I’m slowly finding my way out of the woods.
Today I came across a piece of writing of mine from 7 years ago, the night before I left my home for the last time. It was the night before I moved here, to this property, sight unseen. I sat in my old empty bedroom, writing about the future that I’m living in now.
“Tomorrow marks the beginning of a new adventure. A new chapter. A new life. I am excited. I am terrified. I am sore at heart.
Tomorrow we go North to see what awaits us.
Tomorrow, it begins.”
I could never have imagined the story that awaited me in this Northern town. The mourning, the love song. The storms and the sun. God led me from the coast and through the woods to a man who loves me, and He gave me a son who has my high cheek dimple and my husband’s widow’s peak. A man who researches hikes that will cause me the least amount of pain. A son who smiles when he opens his eyes to me in the morning.
He led me to the love of my life here, a man who helped me out of the woods once. He walks beside me when I wander back in. Now we walk with our son. They’re both made of sunlight.
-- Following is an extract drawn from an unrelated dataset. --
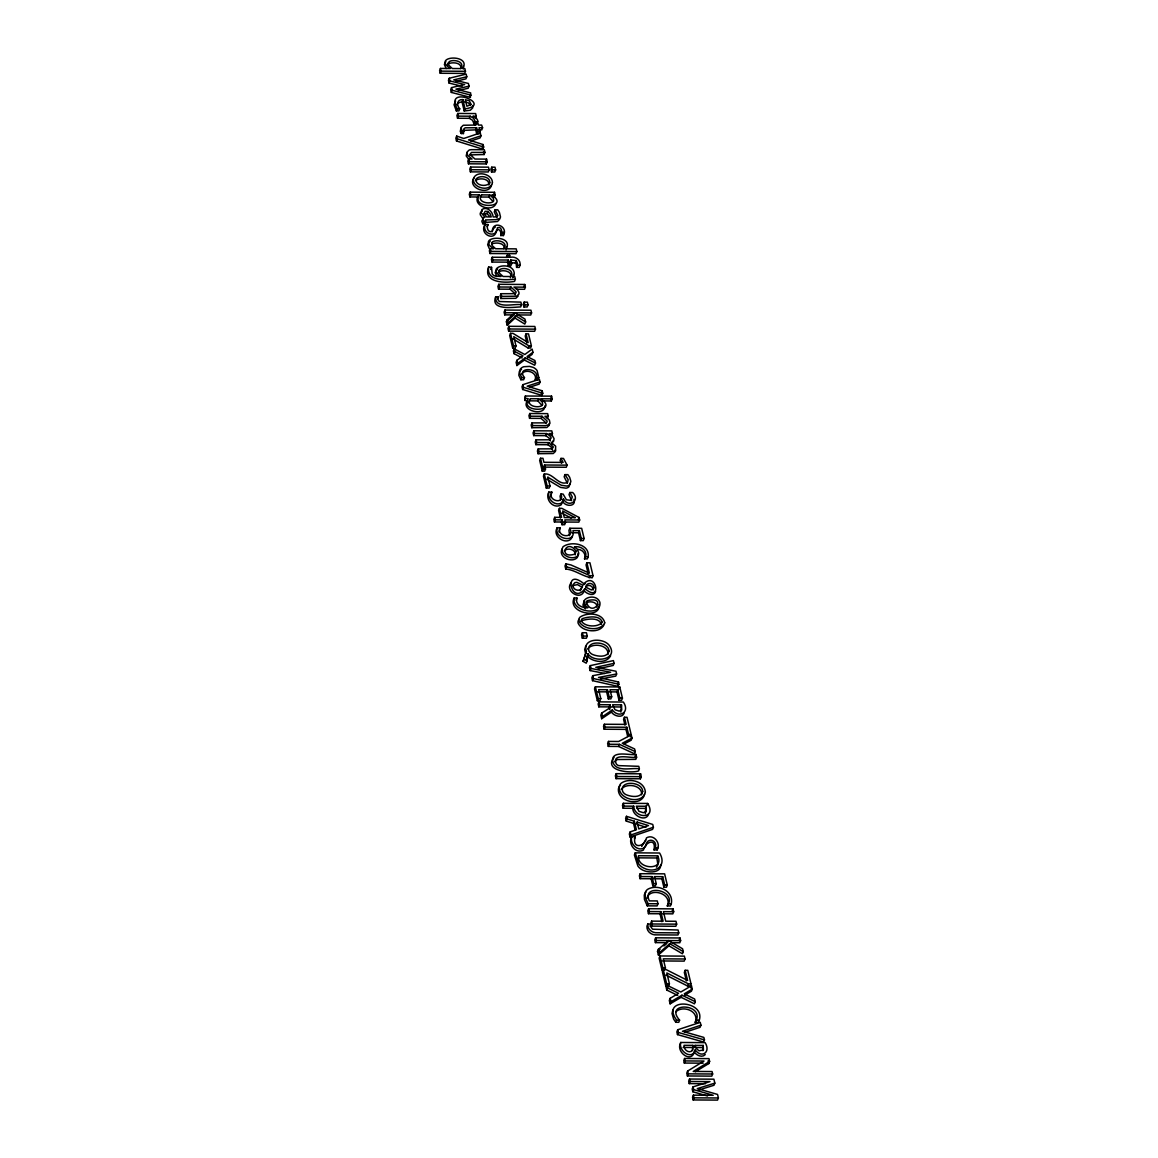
<?xml version="1.0" encoding="UTF-8"?>
<svg xmlns="http://www.w3.org/2000/svg" width="1158" height="1158" viewBox="0 0 1158 1158"><rect width="100%" height="100%" fill="white"/><g stroke="black" fill="none" stroke-linecap="round" stroke-linejoin="round"><path stroke-width="1.5" d="M575.236 554.899C575.83 549.326 567.681 547.343 564.25 550.861M574.194 597.977C571.155 611.887 602.059 616.751 599.887 602.334C595.994 591.376 574.99 599.743 587.946 607.704C582.373 608.341 574.73 604.737 576.945 597.991L574.194 597.977C566.754 612.915 601.248 619.921 599.033 604.462M585.398 605.692L586.339 602.855C589.958 600.597 597.817 602.001 596.992 607.357M671.307 903.833C673.869 891.124 658.612 883.959 648.408 888.895A10.234 7.614 21.7 0 0 645.107 893.107L645.296 897.349L648.104 903.718L647.25 905.845L657.107 905.903L657.961 903.776L657.281 900.938L649.349 900.895C640.91 883.192 678.385 889.966 667.269 905.947L670.468 905.961L671.307 903.833L668.108 903.819M448.378 62.648L448.797 65.253L452.329 68.525L460.566 68.568C465.719 61.823 453.864 58.826 449.29 61.577L447.524 64.776L448.45 63.704C452.503 61.996 461.926 62.373 460.898 68.684M588.192 556.752C589.987 543.913 571.068 540.627 562.976 546.808C558.749 554.624 571.748 560.935 577.495 556.043A7.035 5.24 21.7 0 0 578.739 553.003L577.176 549.08L574.397 546.894C581.403 545.418 589.161 551.744 584.515 558.865L587.338 558.88L588.192 556.752L585.355 556.737M631.805 836.641C629.17 844.327 639.592 853.359 645.585 846.498C646.7 835.396 660.263 840.708 654.009 849.885L657.165 849.9C661.319 843.314 653.546 833.586 646.482 837.885C644.427 847.54 631.573 849.132 635.221 836.669L631.805 836.641C627.564 843.762 635.597 854.488 643.443 850.044C645.368 841.765 656.398 837.466 654.009 849.885M657.165 849.9L657.266 847.395M497.014 217.646L494.263 211.914L495.103 209.786L497.795 209.801L499.416 212.421L500.517 217.024L499.865 218.515L495.942 219.658L485.839 219.948L484.739 223.653L483.002 223.827L481.989 221.815A2.765 2.055 21.7 0 1 483.002 219.774M660.798 864.519C660.928 873.277 649.001 872.929 643.255 870.353A10.668 7.947 21.7 0 1 637.855 865.981L634.381 854.98L635.235 852.853L659.597 853.012C667.269 865.764 655.471 873.841 644.094 868.225A10.668 7.947 21.7 0 1 638.709 863.854L635.235 852.853M570.025 483.422L569.056 486.606A6.297 4.69 21.7 0 1 566.001 488.184L560.486 487.402L547.068 479.369L547.908 477.241L561.326 485.274L566.855 486.056A6.297 4.69 21.7 0 0 569.91 484.478L570.865 481.294L569.649 477.299L567.854 474.635L564.988 474.621L564.149 476.749L567.377 483.262M587.063 661.044L587.975 653.865C594.315 663.476 618.546 659.626 609.629 645.918C604.187 637.32 581.736 637.884 586.397 651.288L583.039 661.348L586.223 663.172L587.063 661.044L583.878 659.22L586.397 651.288M535.257 379.665C543.247 367.723 514.847 365.74 524.487 377.624L523.648 379.752L520.854 379.737L521.693 377.609L519.667 373.122L520.231 369.214A9.525 7.093 21.7 0 1 523.836 366.724L529.539 366.391L533.172 367.376A7.889 5.877 21.7 0 1 537.109 370.589L538.817 377.551L537.963 379.679L535.257 379.665C537.573 372.051 525.24 368.345 521.621 374.106M488.662 266.991C486.215 282.103 506.422 279.744 515.397 279.237L514.745 276.559L512.704 276.545L513.559 275.618A6.76 5.037 21.7 0 0 514.123 272.304C511.546 260.434 484.898 266.948 501.038 276.473L495.61 276.154A4.473 3.329 21.7 0 1 492.164 273.867L491.557 267.324L488.662 266.991C482.582 282.726 505.047 283.305 514.543 281.38L515.397 279.237M500.705 235.537C501.646 232.961 499.851 227.88 496.536 229.863C495.552 242.514 478.746 233.974 485.028 224.522L488.01 224.536C486.013 227.402 488.358 233.438 492.208 231.253C492.874 219.673 508.695 226.476 503.397 235.552L500.705 235.537C502.789 232.99 501.747 225.593 497.375 227.735C496.898 238.693 481.815 234.09 485.028 224.522M516.598 267.382L516.121 263.387L509.94 262.171L510.794 260.043L516.236 260.564L517.568 263.633L516.598 267.382L519.175 267.397C522.663 261.375 516.077 255.744 510.142 257.365L509.636 255.267L507.204 255.252L506.364 257.38M650.854 924.055L650.912 926.936L652.576 929.208L678.081 930.019L678.776 932.87L677.922 934.998L656.629 934.868C651.607 935.36 646.454 931.539 646.946 926.168L647.8 924.041L650.854 924.055L650.014 926.183M491.585 184.744C489.66 196.18 466.631 188.175 473.998 177.956M646.917 898.29C649.754 886.854 672.812 893.556 667.269 905.947M672.841 1009.964L672.045 1013.568L673.652 1019.156L675.794 1022.282L678.747 1022.297L679.601 1020.169L676.634 1020.155C659.336 996.575 708.71 1000.266 698.448 1022.398L695.191 1022.369C699.635 1010.891 682.627 1004.84 675.679 1012.005M695.191 1022.369C706.684 1003.378 663.172 1001.395 679.601 1020.169M644.528 794.214C641.923 806.837 618.502 802.306 618.372 789.93A10.494 7.817 21.7 0 1 620.529 785.196M558.909 531.927L560.009 527.845L557.114 527.831L556.26 529.959C553.987 539.049 569.649 545.954 572.414 536.183M560.009 527.845C556.26 537.544 575.555 538.832 569.808 528.251L581.663 528.323L584.11 538.499L583.256 540.627L580.433 540.612L578.551 532.781L579.391 530.654L572.978 530.61C576.033 543.681 554.045 539.165 557.114 527.831M584.515 558.865C586.382 554.19 582.764 549.558 577.972 549.37M495.682 296.781C494.611 309.953 514.832 303.121 521.534 304.815L520.883 302.122L499.315 301.529L497.983 299.647L498.258 296.795L495.682 296.781C490.109 311.111 514.123 306.986 520.68 306.942L521.534 304.815M496.058 203.287C492.584 213.637 469.859 204.908 479.311 194.877L470.785 194.819L469.931 196.947L478.457 197.005M648.552 814.19C645.889 822.368 632.413 815.739 632.847 808.313L633.701 806.185L624.017 806.127L623.163 808.255L632.847 808.313M463.301 68.771L463.345 66.382M569.577 535.647L568.954 530.378L569.808 528.251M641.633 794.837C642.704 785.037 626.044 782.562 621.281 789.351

This path is still covered in roots, but I can see the sky.
Stay tuned.
*Luke 12:25
I will always stay tuned. ❤
Oh, Randi! I had no idea you were dealing with all this. I wish we lived closer so we could help. You are so blessed to have the family support you do. I suffered from major anxiety, right after we came back from livermore. I ended up moving in with my parents for 6 months to help get better. It was a slow process, but i did get better. Prayers for you!
Thank you for sharing you so openly. I always thought of you as such a talented and friendly young women. I am so glad to hear you are gaining strength from the Lord. I love your family!
Raquel
I love you as the tears stream. I’ve tasted that darkness. I just don’t have any other words. I love you.